The band-pass filters are adjusted to a specific operating frequency and can only work at another operating frequency after they have been adjusted anew. If an increased system capacity can be achieved by dynamic channel assignment, further transmitter coupler inputs can be provided, which are then utilized only occasionally. When this measure is implemented, more space will be required, stiffer demands will be made on the coupler channel spacing and the cost of the transmitter coupler will go up, so that a dynamic channel assignment in radio transmission systems has not been utilized so far.
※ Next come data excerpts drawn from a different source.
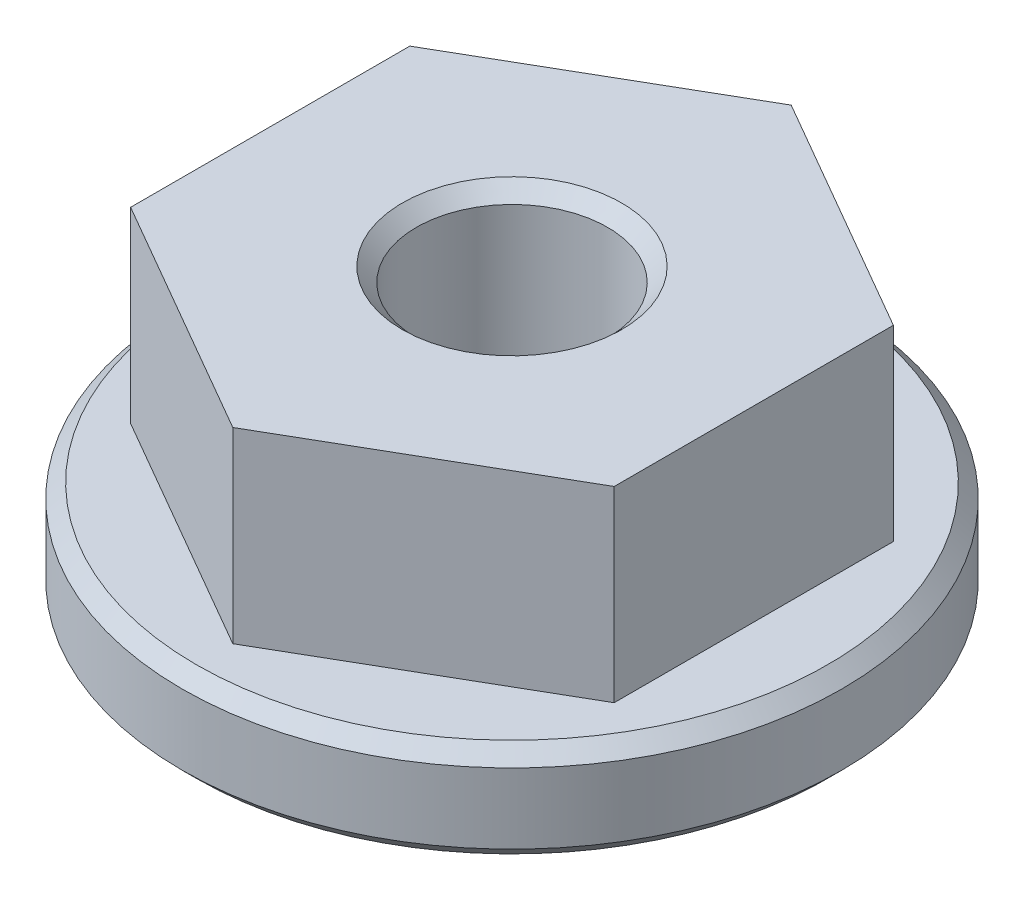
from build123d import *

# Parameters (mm, degrees)
SKETCH1_R             = 5.953125
BOSS_EXTRUDE1_DEPTH   = 1.778
BOSS_EXTRUDE2_DEPTH   = 3.381375
F_8_32_TAPPED_HOLE1_D = 3.4544
CHAMFER1_SIZE         = 0.254


with BuildPart() as part:
    # Sketch1 → Boss-Extrude1 (new body)
    with BuildSketch(Plane(origin=(0, 0, 0), x_dir=(1, 0, 0), z_dir=(0, 1, 0))):
        Circle(SKETCH1_R)
    extrude(amount=BOSS_EXTRUDE1_DEPTH)

    # Sketch2 → Boss-Extrude2 (add)
    with BuildSketch(Plane(origin=(0, 1.778, 0), x_dir=(1, 0, 0), z_dir=(0, 1, 0))):
        Polygon((4.365625, -2.520494769), (4.365625, 2.520494769), (0, 5.040989538), (-4.365625, 2.520494769), (-4.365625, -2.520494769), (0, -5.040989538), align=None)
    extrude(amount=BOSS_EXTRUDE2_DEPTH)

    # #8-32 Tapped Hole1 (through all)
    with Locations(Plane(origin=(0, 5.159375, 0), x_dir=(1, 0, 0), z_dir=(0, 1, 0))):
        with Locations((0, 0)):
            Hole(F_8_32_TAPPED_HOLE1_D / 2)

    # Chamfer1
    chamfer1_edges = [part.edges().sort_by_distance(p)[0] for p in [
        (-5.953125, 0, 0),
        (1.7272, 5.159375, 0),
        (1.7272, 0, 0),
        (-5.953125, 1.778, 0),
    ]]
    chamfer(chamfer1_edges, length=CHAMFER1_SIZE)


solid = part.part
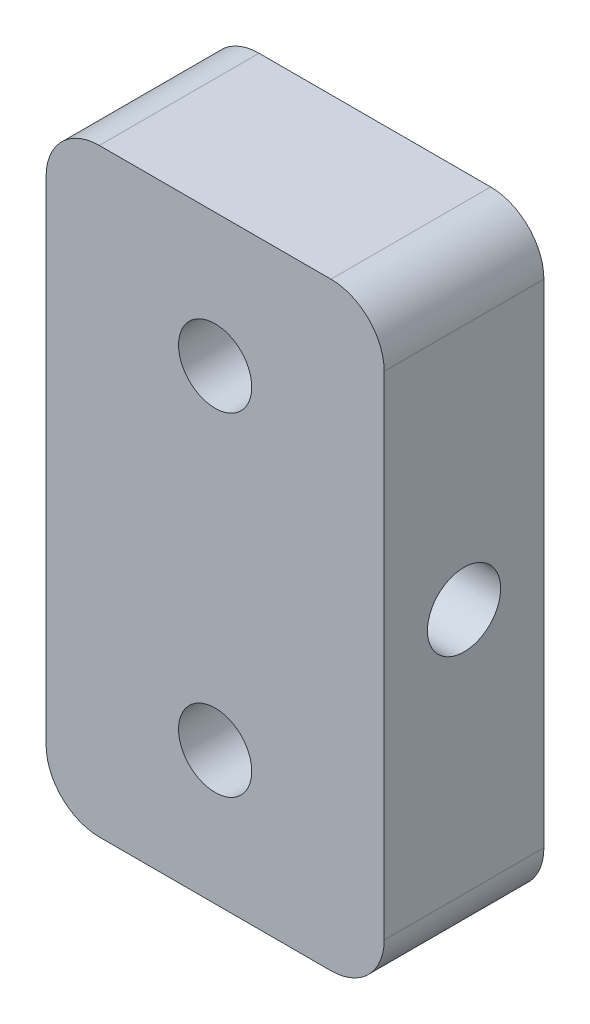
from build123d import *

# Parameters (mm, degrees)
SKETCH1_W            = 25.4
SKETCH1_H            = 45
BOSS_EXTRUDE1_DEPTH  = 6
FILLET1_R            = 4
M5_CLEARANCE_HOLE1_D = 5.5
M5_CLEARANCE_HOLE2_D = 5.5


with BuildPart() as part:
    # Sketch1 → Boss-Extrude1 (new body, symmetric)
    with BuildSketch(Plane.XY):
        Rectangle(SKETCH1_W, SKETCH1_H)
    extrude(amount=BOSS_EXTRUDE1_DEPTH, both=True)

    # Fillet1
    fillet1_edges = [part.edges().sort_by_distance(p)[0] for p in [
        (-12.7, 22.5, 0),
        (12.7, 22.5, 0),
        (12.7, -22.5, 0),
        (-12.7, -22.5, 0),
    ]]
    fillet(fillet1_edges, radius=FILLET1_R)

    # M5 Clearance Hole1 (through all)
    with Locations(Plane.ZY.offset(12.7)):
        with Locations((0, 0)):
            Hole(M5_CLEARANCE_HOLE1_D / 2)

    # M5 Clearance Hole2 (through all)
    with Locations(Plane(origin=(0, 0, -6), x_dir=(-1, 0, 0), z_dir=(0, 0, -1))):
        with Locations((0, 12.5), (0, -12.5)):
            Hole(M5_CLEARANCE_HOLE2_D / 2)


solid = part.part

In DE PS 28 44 776 a hybrid circuit is connected behind the transmitter coupler for switching operations between the various frequency groups, this hybrid circuit operating as a power divider, more specifically, a branching circuit, thus achieving a spreading of the frequency groups over the respective directional aerials.
As the transmitter coupler operates channel selectively in the output frequency range, each individual radio transmission channel has to be amplified accordingly prior to the transmitter coupler. The subject matter of DE PS 28 44 776 does not provide a multiple use of the power amplifiers and integration of the transmitter coupler is not possible either. By using a suitable dielectric, though, the outside dimensions of, for example, an air-filled band-pass filter can be reduced.
From DE-PS 26 39 348, corresponding to U.S. Pat. No. 4,148,038, a circuit arrangement is known for connecting a plurality of mutually decoupled transistors to a single aerial system utilizing four 3 dB couplers. Hybrid circuits are used as 3 dB couplers, that is to say branching circuits in the .pi./4 stripline technique, to which the four individual transmitters and the four individual aerials are connected in a specific way. The hybrid circuits have three lines .pi./4 in length as well as one line three .pi./4 in length. The hybrid circuits equally divide between their two outputs the power received from the transmitters connected to them, and the phase shift in the ring causes the fading waves to be cancelled. In a circuit arrangement known from DE OS 30 04 817, the course indicated by the subject matter of DE PS 26 39 348 is continued and a transmitter coupler in a cascade configuration with phase-shifting circuit components is proposed.
As examinations of the circuit arrangements known from DE-PS 26 39 348 and DE-PS 30 04 817 have shown, they have a high reflexion factor, caused by reflexion to the hybrid circuits or directional couplers, respectively, connected to form the ring or to the aerials. A further disadvantage is the fact that within the reception area there may be zones in which the transmission signal radiated by the aerial is completely cancelled. This can be attributed to the fact that no omnidirectional characteristic can be achieved with the aerial configuration of four directional aerials, in which such cancellations due to reflexion to buildings, trees etc. may occur as a result of the multipath reception. The power loss of such transmitter couplers composed of hybrid circuits or directional couplers, respectively, is due to the order of magnitude of conventional transmitter couplers with a circulatory network and band-pass filter.
The energy radiated by convection in case of a great number of channels and a high packing density has to be eliminated by means of forced cooling. As the band-pass filters are adjusted to the output frequency band, it is impossible to re-arrange channels, for example, for avoiding common-channel interference, so that a manual re-adjustment is always required for a different output frequency.